Hello everyone! I wanted to clarify a doubt I have regarding the vgg16 network. I am currently using the pre-trained vgg16 network for a classification problem with 2 labels. I already have the best weights for tthis problem, using as a criterion the nn.CrossEntropyLoss and I can get a prediction by doing:
outputs = vgg16(net_img)
_, preds = torch.max(outputs.data, 1)
However, my goal is not to have a binary prediction (0 or 1), but the probability and also the cross entropy metric for each class. I wanted to check if what I am doing makes sense.
To get the probability of each class I am doing:
probabilities = torch.sigmoid(outputs)
And to get the cross entropy os each class I am simply using the outputs I already calculated.
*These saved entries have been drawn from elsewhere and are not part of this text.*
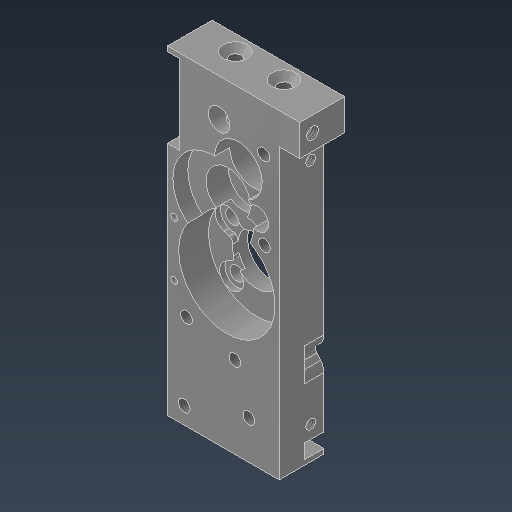
# Autodesk Inventor part: RightGearbox
Saved by Autodesk Inventor 2027.1 (Build 311270010, 270A)
## iProperties
Created: 2026-04-14
Part Number: RightGearbox
Material: Steel
Document SubType Name: Sheet Metal
Designer: szymo
Density: 7.85 g/cm^3
Appearance: Nylon 6(1)
Mass: 69.272 g
Surface Area: 68.2976 cm^2
Volume: 8.82446 cm^3
Sheet Metal Rule: Default
Author: szymo
Autodesk Inventor part; units mm, degrees
(part 1 of 2)
ref_plane "YZ Plane" through (0, 0, 0) normal (1, 0, 0) x (0, 1, 0)
sketch "Sketch1" plane through (0, 0, 0) normal (0, 0, 1) x (1, 0, 0)
  circle A0 centre (14.75, -14.75) radius 4.929289
  circle A1 centre (14.75, -14.75) radius 14.75 construction
  circle A2 centre (14.7, -55.637072) radius 4.955917
  circle A3 centre (14.7, -55.637072) radius 15.294083 construction
  line L0 (23.2, 0) -> (0, 0)
  line L1 (0, 0) -> (0, -66.431155)
  line L2 (0, -66.431155) -> (23.2, -66.431155)
  line L3 (23.2, -66.431155) -> (23.2, 0)
  circle A4 centre (12.35, -35.568116) radius 5
  line L4 (24.683483, -55.062556) -> (28.658141, -52.767786)
  arc A5 (28.658141, -52.767786) -> (24.908656, -45.694948) centre (14.7, -55.637072) ccw
  line L5 (24.908656, -45.694948) -> (21.057709, -47.918294)
  arc A6 (24.683483, -55.062556) -> (21.057709, -47.918294) centre (14.7, -55.637072) ccw construction
  arc A7 (25.213326, -45.342329) -> (3.718756, -65.431155) centre (14.7, -55.637072) ccw
  line L6 (25.213326, -45.342329) -> (3.904013, -59.159587)
  line L7 (6.945596, -62.431155) -> (3.718756, -65.431155)
  line L8 (24.683483, -55.062556) -> (23.2, -55.062556)
  line L9 (24.908656, -45.694948) -> (23.2, -45.694948)
  line L10 (6.945596, -62.431155) -> (3.904013, -59.159587)
  line L11 (24.683483, -55.062556) -> (21.057709, -47.918294)
  line L12 (6.945596, -62.431155) -> (23.2, -62.431155)
  circle A8 centre (9.53986, -23.285481) radius 4.2 construction
  circle A9 centre (9.53986, -23.285481) radius 8 construction
  circle A10 centre (12.35, -35.568116) radius 9.6 construction
  circle A11 centre (12.35, -35.568116) radius 10
  circle A12 centre (9.53986, -23.285481) radius 4.6
  circle A13 centre (9.53986, -23.285481) radius 8.4
  arc A14 (5.920333, -57.852177) -> (6.945596, -62.431155) centre (14.911835, -58.243191) ccw construction
  line L13 (2.5, -1) -> (1.5, -1)
  line L14 (1.5, -1) -> (1.5, -17)
  line L15 (1.5, -17) -> (2.5, -17)
  line L16 (2.5, -17) -> (2.5, -1)
  line L17 (1.5, -1) -> (1, -1)
  line L18 (1, -1) -> (1, -1)
  line L19 (1, -1) -> (0, -1)
  line L20 (2.5, -17) -> (2.5, -17.5)
  line L21 (2.5, -17.5) -> (1, -17.5)
  line L22 (1, -17.5) -> (1, -17.5)
  line L23 (1, -17.5) -> (0, -17.5)
  line L24 (23.2, 0) -> (27.5, 0)
  line L25 (27.5, 0) -> (27.5, -6.5)
  line L26 (27.5, -6.5) -> (23.2, -6.5)
  line L27 (24.939125, -23.498313) -> (20.93749, -21.187968)
  arc A15 (20.93749, -21.187968) -> (23.43749, -16.857841) centre (14.7, -14.7) ccw
  line L28 (23.43749, -16.857841) -> (27.439125, -19.168186)
  arc A16 (24.939125, -23.498313) -> (27.439125, -19.168186) centre (14.7, -14.7) ccw
  circle A17 centre (14.75, -14.75) radius 14.75 construction
  circle A18 centre (14.75, -14.75) radius 14.25 construction
  circle A19 centre (14.7, -14.7) radius 5
  circle A20 centre (14.7, -14.7) radius 14 construction
  circle A21 centre (14.75, -56.178853) radius 14.75 construction
  circle A22 centre (14.75, -56.178853) radius 14.25
  circle A23 centre (14.75, -56.178853) radius 5.5
  arc A24 (4.562446, -32.844788) -> (3.134688, -32.877758) centre (3.986169, -38.820111) ccw
  arc A25 (3.134688, -32.877758) -> (3.006515, -33.363738) centre (12.35, -35.568116) ccw
  arc A26 (3.006515, -33.363738) -> (4.232302, -34.096559) centre (6.677883, -28.614251) ccw
  arc A27 (4.232302, -34.096559) -> (4.166412, -34.523423) centre (12.35, -35.568116) ccw
  arc A28 (4.166412, -34.523423) -> (2.776708, -34.85252) centre (4.845066, -40.487985) ccw
  arc A29 (2.776708, -34.85252) -> (2.752376, -35.354528) centre (12.35, -35.568116) ccw
  arc A30 (2.752376, -35.354528) -> (4.103739, -35.81648) centre (5.356043, -29.945509) ccw
  arc A31 (4.103739, -35.81648) -> (4.128039, -36.247716) centre (12.35, -35.568116) ccw
  arc A32 (4.128039, -36.247716) -> (2.837127, -36.858557) centre (6.031965, -41.940838) ccw
  arc A33 (2.837127, -36.858557) -> (2.9177, -37.354654) centre (12.35, -35.568116) ccw
  arc A34 (2.9177, -37.354654) -> (4.335578, -37.525547) centre (4.339872, -31.522502) ccw
  arc A35 (4.335578, -37.525547) -> (4.449005, -37.942307) centre (12.35, -35.568116) ccw
  arc A36 (4.449005, -37.942307) -> (3.313304, -38.808195) centre (7.494993, -43.115172) ccw
  arc A37 (3.313304, -38.808195) -> (3.495261, -39.276699) centre (12.35, -35.568116) ccw
  arc A38 (3.495261, -39.276699) -> (4.917685, -39.149064) centre (3.673782, -33.276307) ccw
  arc A39 (4.917685, -39.149064) -> (5.115283, -39.533134) centre (12.35, -35.568116) ccw
  arc A40 (5.115283, -39.533134) -> (4.184428, -40.616227) centre (9.170208, -43.959663) ccw
  arc A41 (4.184428, -40.616227) -> (4.459816, -41.036661) centre (12.35, -35.568116) ccw
  arc A42 (4.459816, -41.036661) -> (5.82462, -40.616077) centre (3.386884, -35.130276) ccw
  arc A43 (5.82462, -40.616077) -> (6.097753, -40.950671) centre (12.35, -35.568116) ccw
  arc A44 (6.097753, -40.950671) -> (5.412426, -42.203631) centre (10.984395, -44.437404) ccw
  arc A45 (5.412426, -42.203631) -> (5.76921, -42.557622) centre (12.35, -35.568116) ccw
  arc A46 (5.76921, -42.557622) -> (7.016746, -41.86247) centre (3.491718, -37.00338) ccw
  arc A47 (7.016746, -41.86247) -> (7.353476, -42.132965) centre (12.35, -35.568116) ccw
  arc A48 (7.353476, -42.132965) -> (6.94363, -43.501032) centre (12.858265, -44.527514) ccw
  arc A49 (6.94363, -43.501032) -> (7.366216, -43.773108) centre (12.35, -35.568116) ccw
  arc A50 (7.366216, -43.773108) -> (8.44196, -42.833769) centre (3.983701, -38.813757) ccw
  arc A51 (8.44196, -42.833769) -> (8.827571, -43.028343) centre (12.35, -35.568116) ccw
  arc A52 (8.827571, -43.028343) -> (8.711118, -44.451726) centre (14.709922, -44.226055) ccw
  arc A53 (8.711118, -44.451726) -> (9.181038, -44.629996) centre (12.35, -35.568116) ccw
  arc A54 (9.181038, -44.629996) -> (10.037974, -43.487524) centre (4.841331, -40.482283) ccw
  arc A55 (10.037974, -43.487524) -> (10.455613, -43.597673) centre (12.35, -35.568116) ccw
  arc A56 (10.455613, -43.597673) -> (10.637643, -45.014164) centre (16.458439, -43.546203) ccw
  arc A57 (10.637643, -45.014164) -> (11.134358, -45.090837) centre (12.35, -35.568116) ccw
  arc A58 (11.134358, -45.090837) -> (11.735035, -43.795164) centre (6.027127, -41.936037) ccw
  arc A59 (11.735035, -43.795164) -> (12.166448, -43.816073) centre (12.35, -35.568116) ccw
  arc A60 (12.166448, -43.816073) -> (12.639006, -45.163764) centre (18.027397, -42.51767) ccw
  arc A61 (12.639006, -45.163764) -> (13.140808, -45.135488) centre (12.35, -35.568116) ccw
  arc A62 (13.140808, -45.135488) -> (13.458973, -43.743241) centre (7.489262, -43.111482) ccw
  arc A63 (13.458973, -43.743241) -> (13.885306, -43.673998) centre (12.35, -35.568116) ccw
  arc A64 (13.885306, -43.673998) -> (14.627738, -44.893989) centre (19.348226, -41.185409) ccw
  arc A65 (14.627738, -44.893989) -> (15.112695, -44.762) centre (12.35, -35.568116) ccw
  arc A66 (15.112695, -44.762) -> (15.134444, -43.334027) centre (9.163835, -43.957245) ccw
  arc A67 (15.134444, -43.334027) -> (15.537064, -43.177657) centre (12.35, -35.568116) ccw
  arc A68 (15.537064, -43.177657) -> (16.516922, -44.216627) centre (20.363199, -39.607644) ccw
  arc A69 (16.516922, -44.216627) -> (16.96384, -43.986695) centre (12.35, -35.568116) ccw
  arc A70 (16.96384, -43.986695) -> (16.68822, -42.585404) centre (10.977658, -44.436364) ccw
  arc A71 (16.68822, -42.585404) -> (17.049532, -42.348743) centre (12.35, -35.568116) ccw
  arc A72 (17.049532, -42.348743) -> (18.223992, -43.161285) centre (21.027956, -37.853333) ccw
  arc A73 (18.223992, -43.161285) -> (18.613337, -42.843458) centre (12.35, -35.568116) ccw
  arc A74 (18.613337, -42.843458) -> (18.052396, -41.530093) centre (12.85146, -44.527897) ccw
  arc A75 (18.052396, -41.530093) -> (18.356607, -41.223482) centre (12.35, -35.568116) ccw
  arc A76 (18.356607, -41.223482) -> (19.67434, -41.774084) centre (21.313446, -35.999147) ccw
  arc A77 (19.67434, -41.774084) -> (19.989097, -41.382253) centre (12.35, -35.568116) ccw
  arc A78 (19.989097, -41.382253) -> (19.16735, -40.214215) centre (14.703345, -44.227845) ccw
  arc A79 (19.16735, -40.214215) -> (19.401165, -39.851055) centre (12.35, -35.568116) ccw
  arc A80 (19.401165, -39.851055) -> (20.804579, -40.115653) centre (21.207189, -34.126123) ccw
  arc A81 (20.804579, -40.115653) -> (21.030992, -39.666943) centre (12.35, -35.568116) ccw
  arc A82 (21.030992, -39.666943) -> (19.984353, -38.695279) centre (16.452378, -43.549321) ccw
  arc A83 (19.984353, -38.695279) -> (20.137554, -38.291443) centre (12.35, -35.568116) ccw
  arc A84 (20.137554, -38.291443) -> (21.565312, -38.258473) centre (20.713831, -32.316121) ccw
  arc A85 (21.565312, -38.258473) -> (21.693485, -37.772494) centre (12.35, -35.568116) ccw
  arc A86 (21.693485, -37.772494) -> (20.467698, -37.039672) centre (18.022117, -42.52198) ccw
  arc A87 (20.467698, -37.039672) -> (20.533588, -36.612808) centre (12.35, -35.568116) ccw
  arc A88 (20.533588, -36.612808) -> (21.923292, -36.283711) centre (19.854934, -30.648246) ccw
  arc A89 (21.923292, -36.283711) -> (21.947624, -35.781703) centre (12.35, -35.568116) ccw
  arc A90 (21.947624, -35.781703) -> (20.596261, -35.319751) centre (19.343957, -41.190722) ccw
  arc A91 (20.596261, -35.319751) -> (20.571961, -34.888515) centre (12.35, -35.568116) ccw
  arc A92 (20.571961, -34.888515) -> (21.862873, -34.277674) centre (18.668035, -29.195394) ccw
  arc A93 (21.862873, -34.277674) -> (21.7823, -33.781577) centre (12.35, -35.568116) ccw
  arc A94 (21.7823, -33.781577) -> (20.364422, -33.610684) centre (20.360128, -39.613729) ccw
  arc A95 (20.364422, -33.610684) -> (20.250995, -33.193924) centre (12.35, -35.568116) ccw
  arc A96 (20.250995, -33.193924) -> (21.386696, -32.328036) centre (17.205007, -28.02106) ccw
  arc A97 (21.386696, -32.328036) -> (21.204739, -31.859532) centre (12.35, -35.568116) ccw
  arc A98 (21.204739, -31.859532) -> (19.782315, -31.987167) centre (21.026218, -37.859924) ccw
  arc A99 (19.782315, -31.987167) -> (19.584717, -31.603097) centre (12.35, -35.568116) ccw
  arc A100 (19.584717, -31.603097) -> (20.515572, -30.520004) centre (15.529792, -27.176568) ccw
  arc A101 (20.515572, -30.520004) -> (20.240184, -30.09957) centre (12.35, -35.568116) ccw
  arc A102 (20.240184, -30.09957) -> (18.87538, -30.520154) centre (21.313116, -36.005955) ccw
  arc A103 (18.87538, -30.520154) -> (18.602247, -30.18556) centre (12.35, -35.568116) ccw
  arc A104 (18.602247, -30.18556) -> (19.287574, -28.9326) centre (13.715605, -26.698828) ccw
  arc A105 (19.287574, -28.9326) -> (18.93079, -28.578609) centre (12.35, -35.568116) ccw
  arc A106 (18.93079, -28.578609) -> (17.683254, -29.273761) centre (21.208282, -34.132851) ccw
  arc A107 (17.683254, -29.273761) -> (17.346524, -29.003266) centre (12.35, -35.568116) ccw
  arc A108 (17.346524, -29.003266) -> (17.75637, -27.635199) centre (11.841735, -26.608717) ccw
  arc A109 (17.75637, -27.635199) -> (17.333784, -27.363123) centre (12.35, -35.568116) ccw
  arc A110 (17.333784, -27.363123) -> (16.25804, -28.302462) centre (20.716299, -32.322474) ccw
  arc A111 (16.25804, -28.302462) -> (15.872429, -28.107888) centre (12.35, -35.568116) ccw
  arc A112 (15.872429, -28.107888) -> (15.988882, -26.684505) centre (9.990078, -26.910176) ccw
  arc A113 (15.988882, -26.684505) -> (15.518962, -26.506235) centre (12.35, -35.568116) ccw
  arc A114 (15.518962, -26.506235) -> (14.662026, -27.648707) centre (19.858669, -30.653948) ccw
  arc A115 (14.662026, -27.648707) -> (14.244387, -27.538558) centre (12.35, -35.568116) ccw
  arc A116 (14.244387, -27.538558) -> (14.062357, -26.122067) centre (8.241561, -27.590028) ccw
  arc A117 (14.062357, -26.122067) -> (13.565642, -26.045395) centre (12.35, -35.568116) ccw
  arc A118 (13.565642, -26.045395) -> (12.964965, -27.341068) centre (18.672873, -29.200194) ccw
  arc A119 (12.964965, -27.341068) -> (12.533552, -27.320158) centre (12.35, -35.568116) ccw
  arc A120 (12.533552, -27.320158) -> (12.060994, -25.972467) centre (6.672603, -28.618561) ccw
  arc A121 (12.060994, -25.972467) -> (11.559192, -26.000743) centre (12.35, -35.568116) ccw
  arc A122 (11.559192, -26.000743) -> (11.241027, -27.39299) centre (17.210738, -28.024749) ccw
  arc A123 (11.241027, -27.39299) -> (10.814694, -27.462233) centre (12.35, -35.568116) ccw
  arc A124 (10.814694, -27.462233) -> (10.072262, -26.242243) centre (5.351774, -29.950823) ccw
  arc A125 (10.072262, -26.242243) -> (9.587305, -26.374231) centre (12.35, -35.568116) ccw
  arc A126 (9.587305, -26.374231) -> (9.565556, -27.802205) centre (15.536165, -27.178986) ccw
  arc A127 (9.565556, -27.802205) -> (9.162936, -27.958574) centre (12.35, -35.568116) ccw
  arc A128 (9.162936, -27.958574) -> (8.183078, -26.919604) centre (4.336801, -31.528587) ccw
  arc A129 (8.183078, -26.919604) -> (7.73616, -27.149536) centre (12.35, -35.568116) ccw
  arc A130 (7.73616, -27.149536) -> (8.01178, -28.550827) centre (13.722342, -26.699867) ccw
  arc A131 (8.01178, -28.550827) -> (7.650468, -28.787489) centre (12.35, -35.568116) ccw
  arc A132 (7.650468, -28.787489) -> (6.476008, -27.974946) centre (3.672044, -33.282898) ccw
  arc A133 (6.476008, -27.974946) -> (6.086663, -28.292773) centre (12.35, -35.568116) ccw
  arc A134 (6.086663, -28.292773) -> (6.647604, -29.606138) centre (11.84854, -26.608334) ccw
  arc A135 (6.647604, -29.606138) -> (6.343393, -29.912749) centre (12.35, -35.568116) ccw
  arc A136 (6.343393, -29.912749) -> (5.02566, -29.362147) centre (3.386554, -35.137084) ccw
  arc A137 (5.02566, -29.362147) -> (4.710903, -29.753978) centre (12.35, -35.568116) ccw
  arc A138 (4.710903, -29.753978) -> (5.53265, -30.922016) centre (9.996655, -26.908386) ccw
  arc A139 (5.53265, -30.922016) -> (5.298835, -31.285176) centre (12.35, -35.568116) ccw
  arc A140 (5.298835, -31.285176) -> (3.895421, -31.020578) centre (3.492811, -37.010108) ccw
  arc A141 (3.895421, -31.020578) -> (3.669008, -31.469289) centre (12.35, -35.568116) ccw
  arc A142 (3.669008, -31.469289) -> (4.715647, -32.440952) centre (8.247622, -27.58691) ccw
  arc A143 (4.715647, -32.440952) -> (4.562446, -32.844788) centre (12.35, -35.568116) ccw
  circle A144 centre (9.53986, -23.285481) radius 1.25
  arc A145 (17.496499, -22.453679) -> (16.330814, -22.213772) centre (15.912387, -27.198781) ccw
  arc A146 (16.330814, -22.213772) -> (16.265418, -21.859829) centre (9.53986, -23.285481) ccw
  arc A147 (16.265418, -21.859829) -> (17.268417, -21.219228) centre (14.093328, -17.353454) ccw
  arc A148 (17.268417, -21.219228) -> (17.149686, -20.817578) centre (9.53986, -23.285481) ccw
  arc A149 (17.149686, -20.817578) -> (15.959595, -20.825272) centre (16.586753, -25.788343) ccw
  arc A150 (15.959595, -20.825272) -> (15.822039, -20.492661) centre (9.53986, -23.285481) ccw
  arc A151 (15.822039, -20.492661) -> (16.669931, -19.657523) centre (12.760486, -16.536364) ccw
  arc A152 (16.669931, -19.657523) -> (16.470287, -19.289336) centre (9.53986, -23.285481) ccw
  arc A153 (16.470287, -19.289336) -> (15.307802, -19.544296) centre (16.953135, -24.268518) ccw
  arc A154 (15.307802, -19.544296) -> (15.104099, -19.247552) centre (9.53986, -23.285481) ccw
  arc A155 (15.104099, -19.247552) -> (15.759827, -18.254377) centre (11.286887, -16.014242) ccw
  arc A156 (15.759827, -18.254377) -> (15.487995, -17.935744) centre (9.53986, -23.285481) ccw
  arc A157 (15.487995, -17.935744) -> (14.403922, -18.426827) centre (16.995522, -22.705729) ccw
  arc A158 (14.403922, -18.426827) -> (14.142974, -18.17892) centre (9.53986, -23.285481) ccw
  arc A159 (14.142974, -18.17892) -> (14.577881, -17.071115) centre (9.736935, -15.809909) ccw
  arc A160 (14.577881, -17.071115) -> (14.245741, -16.815962) centre (9.53986, -23.285481) ccw
  arc A161 (14.245741, -16.815962) -> (13.28746, -17.521705) centre (16.712061, -21.168279) ccw
  arc A162 (13.28746, -17.521705) -> (12.980671, -17.33347) centre (9.53986, -23.285481) ccw
  arc A163 (12.980671, -17.33347) -> (13.175748, -16.15945) centre (8.178369, -15.932294) ccw
  arc A164 (13.175748, -16.15945) -> (12.797818, -15.978929) centre (9.53986, -23.285481) ccw
  arc A165 (12.797818, -15.978929) -> (12.007209, -16.868487) centre (16.11514, -19.72336) ccw
  arc A166 (12.007209, -16.868487) -> (11.667988, -16.74815) centre (9.53986, -23.285481) ccw
  arc A167 (11.667988, -16.74815) -> (11.61471, -15.559227) centre (6.679308, -16.376048) ccw
  arc A168 (11.61471, -15.559227) -> (11.207506, -15.461227) centre (9.53986, -23.285481) ccw
  arc A169 (11.207506, -15.461227) -> (10.619124, -16.495723) centre (15.230848, -18.434124) ccw
  arc A170 (10.619124, -16.495723) -> (10.262296, -16.448544) centre (9.53986, -23.285481) ccw
  arc A171 (10.262296, -16.448544) -> (9.962991, -15.296679) centre (5.305266, -17.121778) ccw
  arc A172 (9.962991, -15.296679) -> (9.54431, -15.285482) centre (9.53986, -23.285481) ccw
  arc A173 (9.54431, -15.285482) -> (9.183869, -16.419704) centre (14.097832, -17.356914) ccw
  arc A174 (9.183869, -16.419704) -> (8.82503, -16.447744) centre (9.53986, -23.285481) ccw
  arc A175 (8.82503, -16.447744) -> (8.29278, -15.383279) centre (4.116296, -18.136891) ccw
  arc A176 (8.29278, -15.383279) -> (7.880919, -15.459376) centre (9.53986, -23.285481) ccw
  arc A177 (7.880919, -15.459376) -> (7.764173, -16.643752) centre (12.765611, -16.538812) ccw
  arc A178 (7.764173, -16.643752) -> (7.419005, -16.745787) centre (9.53986, -23.285481) ccw
  arc A179 (7.419005, -16.745787) -> (6.677071, -15.815244) centre (3.164362, -19.377023) ccw
  arc A180 (6.677071, -15.815244) -> (6.290033, -15.975308) centre (9.53986, -23.285481) ccw
  arc A181 (6.290033, -15.975308) -> (6.422083, -17.158076) centre (11.29241, -16.015571) ccw
  arc A182 (6.422083, -17.158076) -> (6.105672, -17.329645) centre (9.53986, -23.285481) ccw
  arc A183 (6.105672, -17.329645) -> (5.18648, -16.573694) centre (2.491067, -20.787972) ccw
  arc A184 (5.18648, -16.573694) -> (4.841179, -16.81073) centre (9.53986, -23.285481) ccw
  arc A185 (4.841179, -16.81073) -> (5.216255, -17.940197) centre (9.742613, -15.810061) ccw
  arc A186 (5.216255, -17.940197) -> (4.94243, -18.173802) centre (9.53986, -23.285481) ccw
  arc A187 (4.94243, -18.173802) -> (3.886153, -17.625481) centre (2.125839, -22.308075) ccw
  arc A188 (3.886153, -17.625481) -> (3.59768, -17.92913) centre (9.53986, -23.285481) ccw
  arc A189 (3.59768, -17.92913) -> (4.199389, -18.955932) centre (8.183955, -15.931262) ccw
  arc A190 (4.199389, -18.955932) -> (3.980117, -19.241364) centre (9.53986, -23.285481) ccw
  arc A191 (3.980117, -19.241364) -> (2.83292, -18.924637) centre (2.084639, -23.870895) ccw
  arc A192 (2.83292, -18.924637) -> (2.613883, -19.281628) centre (9.53986, -23.285481) ccw
  arc A193 (2.613883, -19.281628) -> (3.415927, -20.160889) centre (6.684557, -16.373878) ccw
  arc A194 (3.415927, -20.160889) -> (3.260791, -20.485673) centre (9.53986, -23.285481) ccw
  arc A195 (3.260791, -20.485673) -> (2.072812, -20.414383) centre (2.369268, -25.40813) ccw
  arc A196 (2.072812, -20.414383) -> (1.932784, -20.809113) centre (9.53986, -23.285481) ccw
  arc A197 (1.932784, -20.809113) -> (2.90011, -21.502406) centre (5.309949, -17.118564) ccw
  arc A198 (2.90011, -21.502406) -> (2.815891, -21.852347) centre (9.53986, -23.285481) ccw
  arc A199 (2.815891, -21.852347) -> (1.63905, -22.02961) centre (2.967286, -26.852595) ccw
  arc A200 (1.63905, -22.02961) -> (1.584151, -22.444827) centre (9.53986, -23.285481) ccw
  arc A201 (1.584151, -22.444827) -> (2.674483, -22.921852) centre (4.120208, -18.132773) ccw
  arc A202 (2.674483, -22.921852) -> (2.664861, -23.281657) centre (9.53986, -23.285481) ccw
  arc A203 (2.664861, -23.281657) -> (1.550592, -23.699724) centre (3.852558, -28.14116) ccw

Does this make sense? If it helps, I based my work in this tutorial: https://www.kaggle.com/carloalbertobarbano/vgg16-transfer-learning-pytorch
Thank you in advance!
To get the probabilities, you should probably use
probs = F.softmax(outputs, dim=1), since you are using
nn.CrossEntropyLoss as the criterion which means your output should have the shape
[batch_size, 2] (used in a multi-class classification).
Thank you for your help! But without the F.softmax layer, the direct output is the cross entropy value, right? since I am using the CrossEntropyLoss as criterion
Without the softmax the output would contain logits. I don’t know, is that’s what “cross entropy value” would refer to.
Could you explain a bit, what you mean by this?
It will not contain the cross entropy (loss) between the output and target, as this will be returned by
Sorry, I didn’t explain well. Basically I wanted to evaluate my model with something similar to this: https://scikit-learn.org/stable/modules/generated/sklearn.metrics.log_loss.html
If I understand the docs correctly, probabilities are expected as the model output, so it seems that applying a softmax should work.
However, this part of the docs:
the probabilities provided are assumed to be that of the positive class
sounds as if the loss function is dealing with a multi-label output (each output would give a probability in
[0, 1] for a separate class)? Can you verify it?